Biophysical Assessment and Predicted Thermophysiologic Effects of Body Armor

INTRODUCTION: Military personnel are often required to wear ballistic protection in order to defend against enemies. However, this added protection increases mass carried and imposes additional thermal burden on the individual. Body armor (BA) is known to reduce combat casualties, but the effects of BA mass and insulation on the physical performance of soldiers are less well documented. Until recently, the emphasis has been increasing personal protection, with little consideration of the adverse impacts on human performance. OBJECTIVE: The purpose of this work was to use sweating thermal manikin and mathematical modeling techniques to quantify the tradeoff between increased BA protection, the accompanying mass, and thermal effects on human performance. METHODS: Using a sweating thermal manikin, total insulation (I(T), clo) and vapor permeability indexes (i(m)) were measured for a baseline clothing ensemble with and without one of seven increasingly protective U.S. Army BA configurations. Using mathematical modeling, predictions were made of thermal impact on humans wearing each configuration while working in hot/dry (desert), hot/humid (jungle), and temperate environmental conditions.
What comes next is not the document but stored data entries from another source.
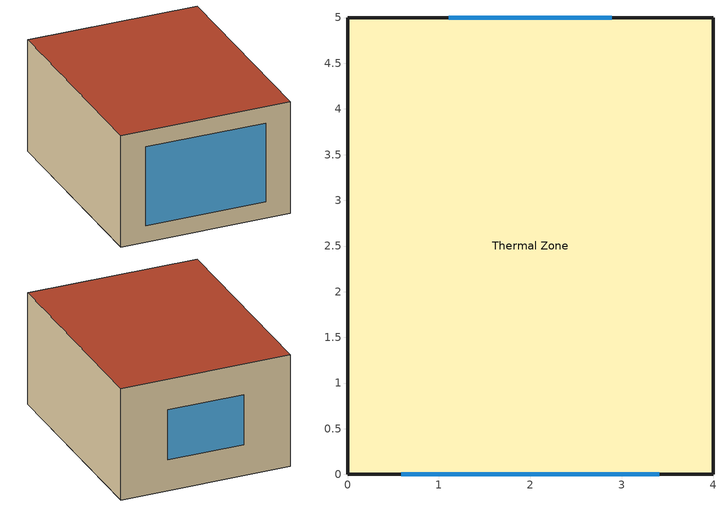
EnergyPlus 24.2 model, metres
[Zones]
Thermal Zone
 floor ground (Floor): 4,5 4,0 0,0 0,5 z0
 wall outside (Wall): 4,0 4,5 0,5 0,0 4,0 z0:2.7
 window (Window): 0.59,0 3.41,0 z0.4:2.3; 2.89,5 1.11,5 z0.75:1.95
 roof outside (Roof): 4,0 4,5 0,5 0,0 z2.7
[Building]
Building 1: North Axis {deg}=0; Terrain=City; Loads Convergence Tolerance Value {W}=0.04; Temperature Convergence Tolerance Value {deltaC}=0.4; Solar Distribution=FullInteriorAndExterior; Maximum Number of Warmup Days=25; Minimum Number of Warmup Days=15
[SizingPeriod:WeatherFileDays] Begin Day of Month=1; End Day of Month=1; Day of Week for Start Day=Monday; Use Weather File Daylight Saving Period=Yes; Use Weather File Rain and Snow Indicators=Yes
Name | Begin Month | End Month
DesignDayWinter | 6 | 6
DesignDaySummer | 1 | 1
[Material]
Name | Roughness | Thickness {m} | Conductivity {W/m-K} | Density {kg/m3} | Specific Heat {J/kg-K} | Thermal Absorptance | Solar Absorptance | Visible Absorptance
Contrapiso | Rough | 0.5 | 1.16 | 2000 | 2500 | 0.93 | 0.3 | 0.7
Piso_Madera | MediumSmooth | 0.02 | 0.34 | 1200 | 1380 | 0.9 | 0.7 | 0.7
internal_mass | Rough | 0.25 | 0.93 | 2500 | 2500 | 0.9 | 0.7 | 0.7
roof_exterior | Smooth | 0.15 | 0.018 | 35 | 1200 | 0.5 | 0.7 | 0.7
roof_inner | Rough | 0.1 | 0.9 | 1500 | 1000 | 0.8 | 0.5 | 0.5
wall_exterior | Rough | 0.1 | 0.8 | 1500 | 1200 | 0.7 | 0.7 | 0.7
wall_inner | VerySmooth | 0.25 | 0.9 | 2000 | 1000 | 0.9 | 0.5 | 0.5
wall_inter | MediumRough | 0.1 | 0.018 | 35 | 1200 | 0.5 | 0.3 | 0.3
[WindowMaterial:SimpleGlazingSystem]
WindowMaterial: U-Factor {W/m2-K}=1; Solar Heat Gain Coefficient=0.6
[WindowMaterial:Shade]
Madera: Solar Transmittance=0.05; Solar Reflectance=0.25; Visible Transmittance=0.05; Visible Reflectance=0.3; Infrared Hemispherical Emissivity=0.9; Infrared Transmittance=0; Thickness {m}=3; Conductivity {W/m-K}=0.15; Shade to Glass Distance {m}=0.05; Top Opening Multiplier=0.5; Bottom Opening Multiplier=0.5; Left-Side Opening Multiplier=0.5; Right-Side Opening Multiplier=0.5; Airflow Permeability=0.5
[Construction]
Floor: Contrapiso, Piso_Madera
InternalMass: internal_mass
Roof: roof_exterior, roof_inner
Wall: wall_exterior, wall_inter, wall_inner
Window: WindowMaterial
[Zone]
Thermal Zone: Multiplier=1; Part of Total Floor Area=Yes
[WindowShadingControl] Zone=Thermal Zone; Shading Type=ExteriorShade; Shading Control Is Scheduled=No; Glare Control Is Active=No; Shading Device Material=Madera; Multiple Surface Control Type=Sequential
Name | Shading Control Type | Setpoint {W/m2, W or deg C} | Fenestration Surface 1
window_north | OnIfHighSolarOnWindow | 300 | window_north
window_south | AlwaysOff |  | window_south
[InternalMass]
internal_mass: Construction=InternalMass; Zone or ZoneList=Thermal Zone; Surface Area {m2}=40
[People]
People: Zone or ZoneList or Space or SpaceList=Thermal Zone; Number of People Schedule=occupation; Number of People Calculation Method=People; Number of People=1; Fraction Radiant=0.31417; Sensible Heat Fraction=0.563; Activity Level Schedule=occupants activity schedule; Carbon Dioxide Generation Rate {m3/s-W}=3.82e-8; Enable ASHRAE 55 Comfort Warnings=No; Mean Radiant Temperature Calculation Type=EnclosureAveraged; Work Efficiency Schedule=Work Efficiency; Clothing Insulation Calculation Method=DynamicClothingModelASHRAE55; Air Velocity Schedule=air_velocity; Thermal Comfort Model 1 Type=AdaptiveCEN15251; Thermal Comfort Model 2 Type=Fanger
[Lights]
interior lighting: Zone or ZoneList or Space or SpaceList=Thermal Zone; Schedule=lighting_interior; Design Level Calculation Method=Watts/Area; Watts per Floor Area {W/m2}=1; Return Air Fraction=0; Fraction Radiant=0.6; Fraction Visible=0.2; Fraction Replaceable=1; Return Air Fraction Calculated from Plenum Temperature=No
[ElectricEquipment] Zone or ZoneList or Space or SpaceList=Thermal Zone; Design Level Calculation Method=EquipmentLevel
Name | Schedule | Design Level {W} | Fraction Latent | Fraction Radiant | Fraction Lost
clothes dryer | clothes_dryer | 2922.77 | 0.015 | 0.081 | 0.85
clothes washer | clothes_washer | 791.344 | 0.03 | 0.162 | 0.7
cooking range | cooking_range | 1876.63 | 0.079 | 0.432 | 0.2
dishwasher | dishwasher | 411.548 | 0.3 | 0.18 | 0.4
misc plug loads | plug_loads_other | 155.301 | 0.045 | 0.513 | 0.1
whole house fan | Always On | 0 | 0 | 0 | 1
[HVACTemplate:Zone:Unitary]
Thermal Zone: Template Unitary System=HeatPump; Supply Air Maximum Flow Rate {m3/s}=0.15; Outdoor Air Method=Flow/Person; Outdoor Air Flow Rate per Person {m3/s}=0.00944; Baseboard Heating Type=None; Baseboard Heating Capacity {W}=autosize; Zone Cooling Design Supply Air Temperature Input Method=SystemSupplyAirTemperature; Zone Cooling Design Supply Air Temperature {C}=12.8; Zone Cooling Design Supply Air Temperature Difference {deltaC}=11.11; Zone Heating Design Supply Air Temperature Input Method=SystemSupplyAirTemperature; Zone Heating Design Supply Air Temperature {C}=50; Zone Heating Design Supply Air Temperature Difference {deltaC}=30
[HVACTemplate:System:UnitaryHeatPump:AirToAir]
HeatPump: System Availability Schedule=HVAC_OnOff; Control Zone or Thermostat Location=Thermal Zone; Cooling Supply Air Flow Rate {m3/s}=0.15; Heating Supply Air Flow Rate {m3/s}=0.15; No Load Supply Air Flow Rate {m3/s}=0.05; Supply Fan Placement=DrawThrough; Supply Fan Total Efficiency=0.7; Supply Fan Delta Pressure {Pa}=75; Supply Fan Motor Efficiency=0.9; Supply Fan Motor in Air Stream Fraction=0.9; Cooling Coil Type=SingleSpeedDX; Cooling Coil Availability Schedule=Always On; Cooling Design Supply Air Temperature {C}=12.8; Cooling Coil Gross Rated Total Capacity {W}=2300; Cooling Coil Gross Rated Sensible Heat Ratio=0.7; Cooling Coil Gross Rated COP {W/W}=3; Heat Pump Heating Coil Type=SingleSpeedDXHeatPump; Heat Pump Heating Coil Availability Schedule=Always On; Heating Design Supply Air Temperature {C}=50; Heat Pump Heating Coil Gross Rated Capacity {W}=2500; Heat Pump Heating Coil Rated COP {W/W}=3.2; Heat Pump Heating Minimum Outdoor Dry-Bulb Temperature {C}=-8; Heat Pump Defrost Maximum Outdoor Dry-Bulb Temperature {C}=5; Heat Pump Defrost Strategy=ReverseCycle; Heat Pump Defrost Control=Timed; Heat Pump Defrost Time Period Fraction=0.058333; Supplemental Heating Coil Type=Electric; Supplemental Heating Coil Availability Schedule=Always On; Supplemental Heating Coil Capacity {W}=1000; Supplemental Heating Coil Maximum Outdoor Dry-Bulb Temperature {C}=21; Supplemental Gas Heating Coil Efficiency=0.8; Maximum Outdoor Air Flow Rate {m3/s}=0; Minimum Outdoor Air Flow Rate {m3/s}=0; Economizer Type=NoEconomizer; Economizer Lockout=NoLockout; Night Cycle Control=StayOff; Heat Recovery Type=None; Sensible Heat Recovery Effectiveness=0.7; Latent Heat Recovery Effectiveness=0.65; Humidifier Type=None; Humidifier Rated Capacity {m3/s}=0.000001; Humidifier Rated Electric Power {W}=autosize; Humidifier Setpoint {percent}=30; Return Fan=No; Return Fan Total Efficiency=0.7; Return Fan Delta Pressure {Pa}=500; Return Fan Motor Efficiency=0.9; Return Fan Motor in Air Stream Fraction=1
[ZoneControl:Thermostat]
Thermostat: Zone or ZoneList=Thermal Zone; Control Type Schedule=ZONE CONTROL TYPE SCHED; Control 1=Dual_temp_sp
[ThermostatSetpoint:DualSetpoint]
Dual_temp_sp: Heating Setpoint Temperature Schedule=heating_setpoint; Cooling Setpoint Temperature Schedule=cooling_setpoint
[Schedule:Compact]
cooling_setpoint: Through: 12/31, For: Alldays, Until: 24:00, 25
heating_setpoint: Through: 12/31, For: Alldays, Until: 24:00, 24
occupation: Through: 12/31, For: Alldays, Until: 07:00, 0, Until: 19:00, 1, Until: 24:00, 0
[Schedule:Constant]
Name | Hourly Value
Always On; HVAC_OnOff | 1
Work Efficiency | 0
ZONE CONTROL TYPE SCHED | 4
air_velocity | 0.1
occupants activity schedule | 100
[Schedule:File] File=C:/Users/grhen/Documents/GitHub2/eprllib/src/eprllib/examples/example_thermostat_files/evaluation/allways_off.csv; Rows to Skip at Top=1; Number of Hours of Data=8760; Column Separator=Comma; Interpolate to Timestep=No; Minutes per Item=10; Adjust Schedule for Daylight Savings=Yes
Name | Column Number
clothes_dryer | 7
clothes_washer | 6
cooking_range | 4
dishwasher | 5
lighting_interior | 1
plug_loads_other | 8
[AirflowNetwork:SimulationControl]
Flujo_Control: AirflowNetwork Control=MultizoneWithoutDistribution; Wind Pressure Coefficient Type=SurfaceAverageCalculation; Building Type=LowRise; Maximum Number of Iterations=500; Initialization Type=ZeroNodePressures; Relative Airflow Convergence Tolerance=0.0001; Absolute Airflow Convergence Tolerance {kg/s}=0.000001; Convergence Acceleration Limit=0; Ratio of Building Width Along Short Axis to Width Along Long Axis=1; Height Dependence of External Node Temperature=No; Solver=SkylineLU; Allow Unsupported Zone Equipment=No; Do Distribution Duct Sizing Calculation=No
[AirflowNetwork:MultiZone:Zone]
Thermal Zone: Ventilation Control Mode=Constant; Indoor and Outdoor Temperature Difference Upper Limit for Minimum Venting Open Factor {deltaC}=100; Indoor and Outdoor Enthalpy Difference Upper Limit for Minimum Venting Open Factor {deltaJ/kg}=300000; Venting Availability Schedule=Always On; Single Sided Wind Pressure Coefficient Algorithm=Standard; Facade Width {m}=10
[AirflowNetwork:MultiZone:Surface] Leakage Component=SimpleOpening; Window/Door Opening Factor, or Crack Factor=1; Ventilation Control Mode=NoVent; Indoor and Outdoor Temperature Difference Upper Limit for Minimum Venting Open Factor {deltaC}=100; Indoor and Outdoor Enthalpy Difference Upper Limit for Minimum Venting Open Factor {deltaJ/kg}=300000; Venting Availability Schedule=Always On; Equivalent Rectangle Method=PolygonHeight; Equivalent Rectangle Aspect Ratio=1
window_north; window_south
[AirflowNetwork:MultiZone:Component:SimpleOpening]
SimpleOpening: Air Mass Flow Coefficient When Opening is Closed {kg/s-m}=0.5; Air Mass Flow Exponent When Opening is Closed=0.65; Minimum Density Difference for Two-Way Flow {kg/m3}=0.0001; Discharge Coefficient=1

RESULTS: In nearly still air (0.4 m/s), IT ranged from 1.57 to 1.63 clo and i(m) from 0.35 to 0.42 for the seven BA conditions, compared to I(T) and i(m) values of 1.37 clo and 0.45 respectively, for the baseline condition (no BA). CONCLUSION: Biophysical assessments and predictive modeling show a quantifiable relationship exists among increased protection and increased thermal burden and decreased work capacity. This approach enables quantitative analysis of the tradeoffs between ballistic protection, thermal-work strain, and physical work performance.